Sep 4, 2025 11:14 PM
“Forests and prodigious plantations where gentlemen savages hunt their news by the light they have invented.”
Perhaps we can start there just as the Lord did. With some light. But to claim the subject of this collection of half-formed grotesqueries to be light is a very strange choice. To read Rimbaud isn’t to experience a divine illuminating light, it’s to look into the pallid marble apse of a brand new cathedral and faintly make out streaks of shit graffitied between story-high stained glass windows. It’s then when you cast your eyes away from a Heaven that’s been profaned that you have nowhere else to look but into the deep chasm of a personal abyss. And there, deep within the void of the self is where Rimbaud was able to illuminate. Where we thought nothing could persist, the jewels and ornaments of fossilized shells lining dark cavernous walls lazily light up under his lantern.
His work is not just one of casting light, but of illuminating as marginalia, the creation of an illuminated manuscript. Like a mad rambling monk holed up in a cloister in the 12th century, Rimbaud’s frenzied illustrations people the spaces in between the rigid and proper text of the social world. He is able to show the soul of the world and it is a strange cackling world that can only be laughed at in its ambitions for glory.
Rimbaud’s supreme undertaking is to debase and confuse the senses, to turn away from the material and the Real that were so fashionable in Paris’ 1850’s reaction to Romanticism and supplant them with a newer, realer Realism. Rimbaud laughed at the Realism that championed blunt everyday life and instead chose to look to the very heart of things, to rip out the symbols that make up the ancient befouled bones of the Real. He birthed a new art by understanding that the Real is not universal, it becomes twisted, mutated, and perverted through the macabre lens of the self when viewed at its core. His Realism is built of things and visions and smells but all of them are tinted a shade darker by understanding that the paints that depict our world are created from pigments that are squeezed out of the guts of the atavistic images that float to us in our nightmares.

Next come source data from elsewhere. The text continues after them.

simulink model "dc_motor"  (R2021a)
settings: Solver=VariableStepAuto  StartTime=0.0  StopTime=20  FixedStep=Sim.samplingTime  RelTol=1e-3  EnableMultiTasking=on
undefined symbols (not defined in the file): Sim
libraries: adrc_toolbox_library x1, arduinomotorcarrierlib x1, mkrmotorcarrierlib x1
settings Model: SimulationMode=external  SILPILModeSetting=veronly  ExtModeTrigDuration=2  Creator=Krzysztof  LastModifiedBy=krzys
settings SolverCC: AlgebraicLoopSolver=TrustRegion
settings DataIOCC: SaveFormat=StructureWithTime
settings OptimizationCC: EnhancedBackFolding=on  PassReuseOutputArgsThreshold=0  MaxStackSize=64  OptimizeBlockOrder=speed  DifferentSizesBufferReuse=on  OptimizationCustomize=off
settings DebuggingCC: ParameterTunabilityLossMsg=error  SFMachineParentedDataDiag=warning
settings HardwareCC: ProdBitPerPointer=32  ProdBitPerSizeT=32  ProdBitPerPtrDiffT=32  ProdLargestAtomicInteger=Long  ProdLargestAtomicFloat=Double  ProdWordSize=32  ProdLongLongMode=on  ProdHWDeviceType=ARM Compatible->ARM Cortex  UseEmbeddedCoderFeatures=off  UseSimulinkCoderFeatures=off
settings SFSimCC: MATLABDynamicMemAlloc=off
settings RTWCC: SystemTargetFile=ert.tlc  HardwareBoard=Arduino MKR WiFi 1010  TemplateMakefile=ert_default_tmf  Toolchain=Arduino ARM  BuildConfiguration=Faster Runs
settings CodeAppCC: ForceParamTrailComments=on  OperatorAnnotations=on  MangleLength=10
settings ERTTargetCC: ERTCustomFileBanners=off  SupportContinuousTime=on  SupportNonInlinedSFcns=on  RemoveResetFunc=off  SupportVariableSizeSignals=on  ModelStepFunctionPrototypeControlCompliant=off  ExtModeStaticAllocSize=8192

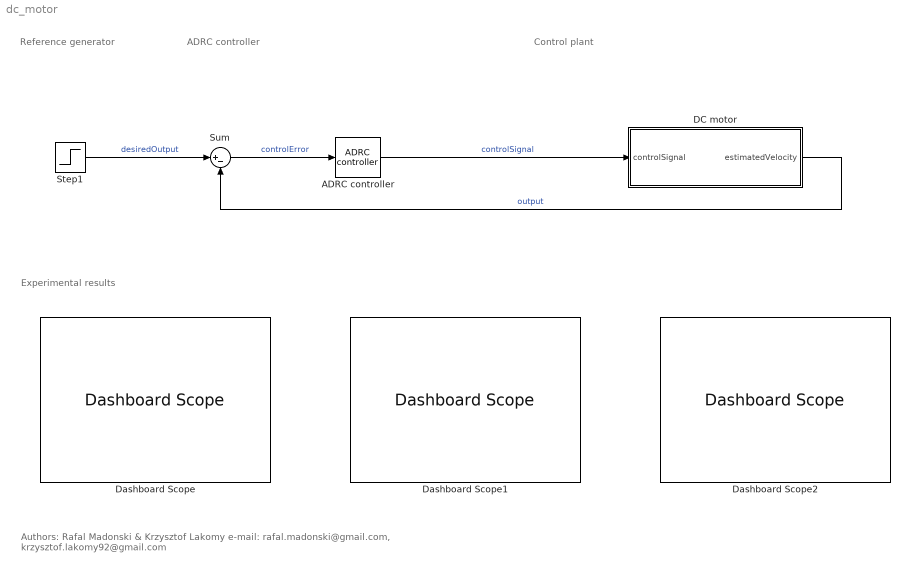
== system dc_motor ==
  note: ADRC controller
  note: Control plant
  note: Reference
      | generator
  note: Experimental results
  note: Authors:  Rafal Madonski & Krzysztof Lakomy
      | e-mail: rafal.madonski@gmail.com, krzysztof.lakomy92@gmail.com
  ADRC controller : adrc_toolbox_library/ADRC controller  dynamicsOrder=1  controllerBandwidth=5  controllerBandwidthSource=Internal  observerBandwidth=50  observerBandwidthSource=Internal  inputGainParameter=800  inputGainSource=Internal  saturationEnabled=on  UpperLimit=100  LowerLimit=-100  antiPeakingEnabled=off  antiPeakingTime=0.2
      link override State feedback robust controller/Saturation: VariantControlMode=label  LabelModeActiveChoice=saturation_off
      settings: SourceProductName=ADRC toolbox
  DC motor : Subsystem
  Dashboard Scope : DashboardScope
  Dashboard Scope1 : DashboardScope
  Dashboard Scope2 : DashboardScope  Ymin=-0.1  Ymax=0.1
  Step1 : Step  Time=3  After=3500  SampleTime=0
  Sum : Sum  Inputs=|+-
  wires:
  Sum/1 -> ADRC controller/1  "controlError"
  Step1/1 -> Sum/1  "desiredOutput"
  DC motor/1(estimatedVelocity) -> Sum/2  "output"
  ADRC controller/1 -> DC motor/1(controlSignal)  "controlSignal"

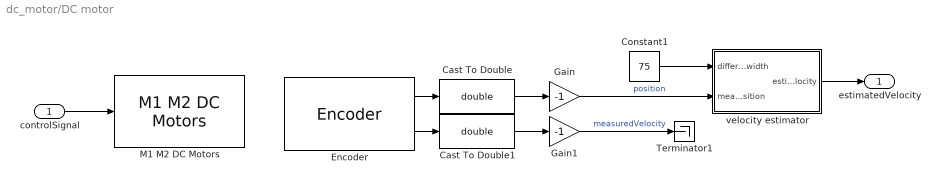
== system dc_motor/DC motor ==
  controlSignal : Inport
  Cast To Double : DataTypeConversion  OutDataTypeStr=double
  Cast To Double1 : DataTypeConversion  OutDataTypeStr=double
  Constant1 : Constant  Value=75  OutDataTypeStr=double
  Encoder : arduinomotorcarrierlib/Encoder  SlaveAddress=uint8( hex2dec( '66' ) )  blockPlatform=ARDUINO  Encoder=1  ShowSpeed=on  ResetOption=on  SampleTime=0.01
      settings: SourceProductBaseCode=ARDUINO
  Gain : Gain  Gain=-1  OutDataTypeStr=double
  Gain1 : Gain  Gain=-1  ParamDataTypeStr=double
  M1 M2 DC Motors : mkrmotorcarrierlib/M1 M2 DC Motors  SlaveAddress=uint8( hex2dec( '66' ) )  blockPlatform=ARDUINO  MotorNumber=M1  MotorCarrierPWMFreq=100
      settings: SourceProductBaseCode=ARDUINO
  Terminator1 : Terminator
  velocity estimator : Subsystem
  estimatedVelocity : Outport
  wires:
  Cast To Double/1 -> Gain/1
  Gain/1 -> velocity estimator/2(measuredPosition)  "position"
  Encoder/2 -> Cast To Double1/1
  velocity estimator/1(estimatedVelocity) -> estimatedVelocity/1
  Cast To Double1/1 -> Gain1/1
  Constant1/1 -> velocity estimator/1(differentiatorBandwidth)
  Gain1/1 -> Terminator1/1  "measuredVelocity"
  Encoder/1 -> Cast To Double/1
  controlSignal/1 -> M1 M2 DC Motors/1

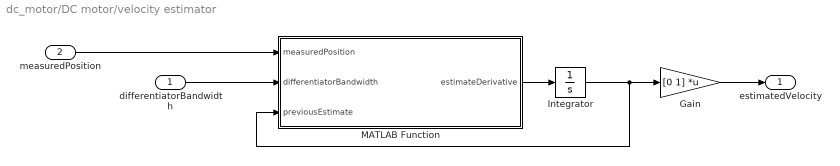
== system dc_motor/DC motor/velocity estimator ==
  differentiatorBandwidth : Inport
  measuredPosition : Inport  Port=2
  Gain : Gain  Gain=[0 1]  Multiplication=Matrix(K*u)
  Integrator : Integrator  InitialCondition=[0;0]
  MATLAB Function : MATLAB Function  TreatAsAtomicUnit=on  SystemSampleTime=Sim.samplingTime
  estimatedVelocity : Outport
  wires:
  MATLAB Function/1(estimateDerivative) -> Integrator/1
  Integrator/1 -> Gain/1, MATLAB Function/3(previousEstimate)
  measuredPosition/1 -> MATLAB Function/1(measuredPosition)
  differentiatorBandwidth/1 -> MATLAB Function/2(differentiatorBandwidth)
  Gain/1 -> estimatedVelocity/1

== matlab function dc_motor/DC motor/velocity estimator/MATLAB Function ==
  data: measuredPosition input; estimateDerivative output; differentiatorBandwidth input; previousEstimate input
function estimateDerivative = fcn(measuredPosition, differentiatorBandwidth, previousEstimate)
    stateMatrix = [0 1; 0 0];
    gainVector = [2 * differentiatorBandwidth; differentiatorBandwidth ^ 2];

    estimateDerivative = stateMatrix * previousEstimate + gainVector * (measuredPosition - previousEstimate(1));
end

His work led to Symbolism and Surrealism. But it only led to those new ideas through a deep and intense journey within himself, through an obsession with the idea of looking deep within and knowing his self so thoroughly that he could use it like a personal philosopher’s stone. He became a visionary, a seer—the translations disagree on which he wanted to call himself but he certainly succeeded beyond the ambiguity of translation. His search within himself yielded the future of poetry and art and the occult that has wound a path through the century and a half since he shunned his poetic gift. It was Rimbaud who gave us the mission of poetry that still lives today: “I is someone else.” I am grateful that this precocious child performed his comedic sideshow in life’s play.
2 Comments
3 months ago
The best to ever do it. One of my favorite books. Unlike a lot of other obscurantist poetry, I didn't feel like I had to "decipher" Illuminations to "get it." I just knew I was reading one of the most beautiful books in the world. "His Realism is built of things and visions and smells but all of them are tinted a shade darker by understanding that the paints that depict our world are created from pigments that are squeezed out of the guts of the atavistic images that float to us in our nightmares." Well said indeed.